What needs to be done — In the answer, transcribe exactly the lines from the beginning of the material through the line holding "circle A1 centre (0, -11) radius 1", and skip every picture.

Data shown —
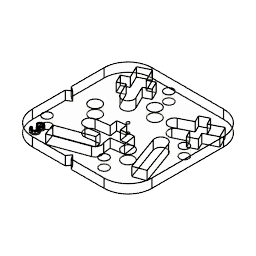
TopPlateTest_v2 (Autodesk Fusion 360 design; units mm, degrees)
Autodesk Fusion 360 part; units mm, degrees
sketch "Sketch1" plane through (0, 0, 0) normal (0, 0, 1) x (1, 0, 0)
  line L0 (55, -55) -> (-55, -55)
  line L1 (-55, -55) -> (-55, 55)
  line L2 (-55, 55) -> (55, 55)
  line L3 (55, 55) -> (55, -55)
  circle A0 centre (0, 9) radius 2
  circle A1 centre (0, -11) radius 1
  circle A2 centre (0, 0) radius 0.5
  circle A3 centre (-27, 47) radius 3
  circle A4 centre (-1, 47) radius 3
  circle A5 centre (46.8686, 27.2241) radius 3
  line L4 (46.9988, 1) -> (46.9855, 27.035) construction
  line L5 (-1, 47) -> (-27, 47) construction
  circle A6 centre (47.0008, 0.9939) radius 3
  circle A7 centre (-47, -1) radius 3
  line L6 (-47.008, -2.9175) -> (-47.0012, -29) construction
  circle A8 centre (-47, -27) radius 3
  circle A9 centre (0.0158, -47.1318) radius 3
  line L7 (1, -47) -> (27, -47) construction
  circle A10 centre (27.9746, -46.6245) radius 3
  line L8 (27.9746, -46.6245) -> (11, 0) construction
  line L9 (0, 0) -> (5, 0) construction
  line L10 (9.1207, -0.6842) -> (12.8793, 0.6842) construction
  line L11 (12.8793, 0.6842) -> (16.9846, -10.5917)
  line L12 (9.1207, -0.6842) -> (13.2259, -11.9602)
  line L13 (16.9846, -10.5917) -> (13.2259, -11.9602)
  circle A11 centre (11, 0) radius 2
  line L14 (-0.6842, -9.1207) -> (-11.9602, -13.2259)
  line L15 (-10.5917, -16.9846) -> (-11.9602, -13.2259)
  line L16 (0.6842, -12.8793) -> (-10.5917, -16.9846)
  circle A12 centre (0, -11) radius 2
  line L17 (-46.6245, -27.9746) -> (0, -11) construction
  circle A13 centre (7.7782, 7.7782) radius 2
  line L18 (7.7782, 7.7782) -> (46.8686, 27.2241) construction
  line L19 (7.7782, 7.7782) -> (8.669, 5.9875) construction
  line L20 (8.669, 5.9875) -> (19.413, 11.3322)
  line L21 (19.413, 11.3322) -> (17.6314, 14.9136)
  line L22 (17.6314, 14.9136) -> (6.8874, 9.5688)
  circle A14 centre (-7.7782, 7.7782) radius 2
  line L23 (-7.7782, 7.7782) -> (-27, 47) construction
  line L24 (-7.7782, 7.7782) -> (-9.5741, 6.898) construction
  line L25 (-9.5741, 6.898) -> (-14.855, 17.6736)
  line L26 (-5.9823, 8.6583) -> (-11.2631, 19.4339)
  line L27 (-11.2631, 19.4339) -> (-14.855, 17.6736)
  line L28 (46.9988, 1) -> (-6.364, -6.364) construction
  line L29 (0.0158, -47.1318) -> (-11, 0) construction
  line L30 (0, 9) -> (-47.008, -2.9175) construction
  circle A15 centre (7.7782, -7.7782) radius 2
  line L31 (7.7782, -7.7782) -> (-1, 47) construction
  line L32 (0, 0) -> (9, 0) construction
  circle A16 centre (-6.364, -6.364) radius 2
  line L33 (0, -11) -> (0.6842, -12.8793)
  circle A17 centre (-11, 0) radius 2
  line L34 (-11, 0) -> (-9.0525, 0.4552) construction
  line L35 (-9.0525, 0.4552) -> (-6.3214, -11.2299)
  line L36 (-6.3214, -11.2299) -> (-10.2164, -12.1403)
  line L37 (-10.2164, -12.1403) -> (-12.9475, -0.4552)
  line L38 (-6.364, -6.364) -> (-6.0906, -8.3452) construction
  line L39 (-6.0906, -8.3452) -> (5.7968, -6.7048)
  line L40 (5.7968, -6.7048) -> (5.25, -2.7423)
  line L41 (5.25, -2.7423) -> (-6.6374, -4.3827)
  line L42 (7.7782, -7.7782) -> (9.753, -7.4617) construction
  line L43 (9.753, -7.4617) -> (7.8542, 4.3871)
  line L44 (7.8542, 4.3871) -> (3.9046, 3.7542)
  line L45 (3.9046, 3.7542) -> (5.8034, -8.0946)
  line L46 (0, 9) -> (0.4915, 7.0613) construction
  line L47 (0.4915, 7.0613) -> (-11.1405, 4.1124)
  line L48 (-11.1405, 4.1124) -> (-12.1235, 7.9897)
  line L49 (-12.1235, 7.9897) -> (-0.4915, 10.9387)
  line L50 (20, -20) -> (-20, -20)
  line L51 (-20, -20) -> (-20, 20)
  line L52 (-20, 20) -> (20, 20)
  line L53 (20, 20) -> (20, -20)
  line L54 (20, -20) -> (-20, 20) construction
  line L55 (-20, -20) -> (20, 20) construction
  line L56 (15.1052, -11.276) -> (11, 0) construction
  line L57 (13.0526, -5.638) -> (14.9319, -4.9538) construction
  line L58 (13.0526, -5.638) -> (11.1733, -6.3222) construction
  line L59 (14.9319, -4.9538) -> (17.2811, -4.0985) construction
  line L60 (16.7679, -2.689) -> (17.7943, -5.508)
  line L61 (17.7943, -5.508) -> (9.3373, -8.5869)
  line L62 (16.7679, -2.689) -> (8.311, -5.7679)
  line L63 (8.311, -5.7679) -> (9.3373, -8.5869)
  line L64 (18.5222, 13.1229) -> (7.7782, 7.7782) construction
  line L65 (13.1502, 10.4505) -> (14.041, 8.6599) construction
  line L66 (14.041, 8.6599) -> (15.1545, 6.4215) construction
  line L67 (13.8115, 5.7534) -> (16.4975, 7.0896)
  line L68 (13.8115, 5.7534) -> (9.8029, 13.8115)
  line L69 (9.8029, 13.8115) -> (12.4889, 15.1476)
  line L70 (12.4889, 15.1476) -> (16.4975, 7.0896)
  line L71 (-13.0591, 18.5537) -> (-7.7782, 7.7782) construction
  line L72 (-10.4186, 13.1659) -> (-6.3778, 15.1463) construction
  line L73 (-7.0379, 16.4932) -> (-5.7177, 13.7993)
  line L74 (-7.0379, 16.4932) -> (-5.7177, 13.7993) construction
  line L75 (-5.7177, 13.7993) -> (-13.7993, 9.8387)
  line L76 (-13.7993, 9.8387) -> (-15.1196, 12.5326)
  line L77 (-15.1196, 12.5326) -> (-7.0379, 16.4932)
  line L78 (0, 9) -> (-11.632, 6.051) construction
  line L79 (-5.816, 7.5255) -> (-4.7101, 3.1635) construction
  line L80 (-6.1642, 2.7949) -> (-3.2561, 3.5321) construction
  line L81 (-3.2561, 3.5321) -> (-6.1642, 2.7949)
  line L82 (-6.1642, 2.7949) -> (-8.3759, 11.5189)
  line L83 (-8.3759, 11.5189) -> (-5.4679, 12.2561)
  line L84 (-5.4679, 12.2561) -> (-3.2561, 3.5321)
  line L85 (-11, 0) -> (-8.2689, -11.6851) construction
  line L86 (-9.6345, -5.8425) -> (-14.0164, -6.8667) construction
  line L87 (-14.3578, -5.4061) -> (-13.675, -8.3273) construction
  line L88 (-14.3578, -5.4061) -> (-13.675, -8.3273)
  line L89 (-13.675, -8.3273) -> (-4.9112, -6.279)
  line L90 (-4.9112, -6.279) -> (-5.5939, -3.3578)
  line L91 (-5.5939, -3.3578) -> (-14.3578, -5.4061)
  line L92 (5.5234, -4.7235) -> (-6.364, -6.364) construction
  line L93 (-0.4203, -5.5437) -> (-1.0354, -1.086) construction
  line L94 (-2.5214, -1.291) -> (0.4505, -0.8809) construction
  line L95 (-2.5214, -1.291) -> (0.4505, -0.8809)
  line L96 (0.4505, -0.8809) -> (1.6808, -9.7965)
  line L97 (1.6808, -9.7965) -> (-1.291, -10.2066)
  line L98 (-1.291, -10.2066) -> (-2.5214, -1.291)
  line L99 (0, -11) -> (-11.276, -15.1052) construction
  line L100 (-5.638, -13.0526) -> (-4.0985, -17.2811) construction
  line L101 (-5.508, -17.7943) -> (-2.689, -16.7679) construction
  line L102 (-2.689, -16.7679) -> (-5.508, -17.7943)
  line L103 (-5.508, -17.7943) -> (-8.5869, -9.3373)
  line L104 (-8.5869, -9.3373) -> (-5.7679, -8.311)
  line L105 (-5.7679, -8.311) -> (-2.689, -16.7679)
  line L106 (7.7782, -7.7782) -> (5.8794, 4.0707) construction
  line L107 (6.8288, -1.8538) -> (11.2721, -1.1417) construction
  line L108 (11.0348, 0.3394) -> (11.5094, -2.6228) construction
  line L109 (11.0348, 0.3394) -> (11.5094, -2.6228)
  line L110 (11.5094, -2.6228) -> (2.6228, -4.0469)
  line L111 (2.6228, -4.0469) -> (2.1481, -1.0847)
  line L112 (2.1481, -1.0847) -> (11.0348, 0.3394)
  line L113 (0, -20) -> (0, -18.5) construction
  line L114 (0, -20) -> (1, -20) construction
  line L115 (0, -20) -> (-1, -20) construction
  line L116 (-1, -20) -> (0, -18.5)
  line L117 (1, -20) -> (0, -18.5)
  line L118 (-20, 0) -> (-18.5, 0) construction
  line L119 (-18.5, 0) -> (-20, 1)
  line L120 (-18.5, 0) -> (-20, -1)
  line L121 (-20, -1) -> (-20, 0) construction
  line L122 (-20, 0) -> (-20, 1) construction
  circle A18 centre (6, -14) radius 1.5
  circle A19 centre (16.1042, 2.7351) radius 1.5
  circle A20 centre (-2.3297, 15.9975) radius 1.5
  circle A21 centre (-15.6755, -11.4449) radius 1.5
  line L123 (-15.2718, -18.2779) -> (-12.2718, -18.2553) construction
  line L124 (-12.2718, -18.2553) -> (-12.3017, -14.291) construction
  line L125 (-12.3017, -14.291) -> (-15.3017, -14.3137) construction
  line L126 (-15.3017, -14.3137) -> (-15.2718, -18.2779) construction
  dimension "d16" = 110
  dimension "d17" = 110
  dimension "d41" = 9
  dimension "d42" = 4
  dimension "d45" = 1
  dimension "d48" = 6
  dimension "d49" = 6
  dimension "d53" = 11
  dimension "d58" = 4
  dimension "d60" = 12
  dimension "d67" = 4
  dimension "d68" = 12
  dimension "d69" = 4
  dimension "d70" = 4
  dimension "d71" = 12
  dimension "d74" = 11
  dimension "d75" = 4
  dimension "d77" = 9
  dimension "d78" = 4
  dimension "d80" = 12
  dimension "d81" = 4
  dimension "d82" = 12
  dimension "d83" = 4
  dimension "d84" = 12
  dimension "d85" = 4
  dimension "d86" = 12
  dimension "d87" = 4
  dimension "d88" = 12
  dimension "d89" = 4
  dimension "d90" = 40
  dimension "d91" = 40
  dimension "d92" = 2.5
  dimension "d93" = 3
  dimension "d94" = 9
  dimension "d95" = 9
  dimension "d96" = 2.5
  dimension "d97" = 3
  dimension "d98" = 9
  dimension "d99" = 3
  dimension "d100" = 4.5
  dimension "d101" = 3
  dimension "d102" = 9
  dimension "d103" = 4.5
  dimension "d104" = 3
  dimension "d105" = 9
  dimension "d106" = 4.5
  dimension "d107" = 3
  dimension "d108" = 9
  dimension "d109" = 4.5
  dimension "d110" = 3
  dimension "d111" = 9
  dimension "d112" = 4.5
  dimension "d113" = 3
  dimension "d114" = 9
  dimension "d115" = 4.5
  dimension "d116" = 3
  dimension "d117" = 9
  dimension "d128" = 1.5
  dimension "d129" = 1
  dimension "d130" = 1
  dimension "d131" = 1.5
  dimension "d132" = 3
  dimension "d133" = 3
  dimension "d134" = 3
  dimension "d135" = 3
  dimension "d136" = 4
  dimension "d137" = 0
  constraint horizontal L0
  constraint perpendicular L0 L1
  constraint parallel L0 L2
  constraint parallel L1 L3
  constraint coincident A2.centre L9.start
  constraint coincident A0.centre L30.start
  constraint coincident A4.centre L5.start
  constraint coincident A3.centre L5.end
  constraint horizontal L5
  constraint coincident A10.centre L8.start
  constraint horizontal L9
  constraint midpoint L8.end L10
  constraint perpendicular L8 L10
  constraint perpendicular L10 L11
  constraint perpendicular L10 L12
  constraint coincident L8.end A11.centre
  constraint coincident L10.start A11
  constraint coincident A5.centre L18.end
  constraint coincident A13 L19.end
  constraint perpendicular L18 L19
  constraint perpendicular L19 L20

Written response —
TopPlateTest_v2 (Autodesk Fusion 360 design; units mm, degrees)
Autodesk Fusion 360 part; units mm, degrees
sketch "Sketch1" plane through (0, 0, 0) normal (0, 0, 1) x (1, 0, 0)
  line L0 (55, -55) -> (-55, -55)
  line L1 (-55, -55) -> (-55, 55)
  line L2 (-55, 55) -> (55, 55)
  line L3 (55, 55) -> (55, -55)
  circle A0 centre (0, 9) radius 2
  circle A1 centre (0, -11) radius 1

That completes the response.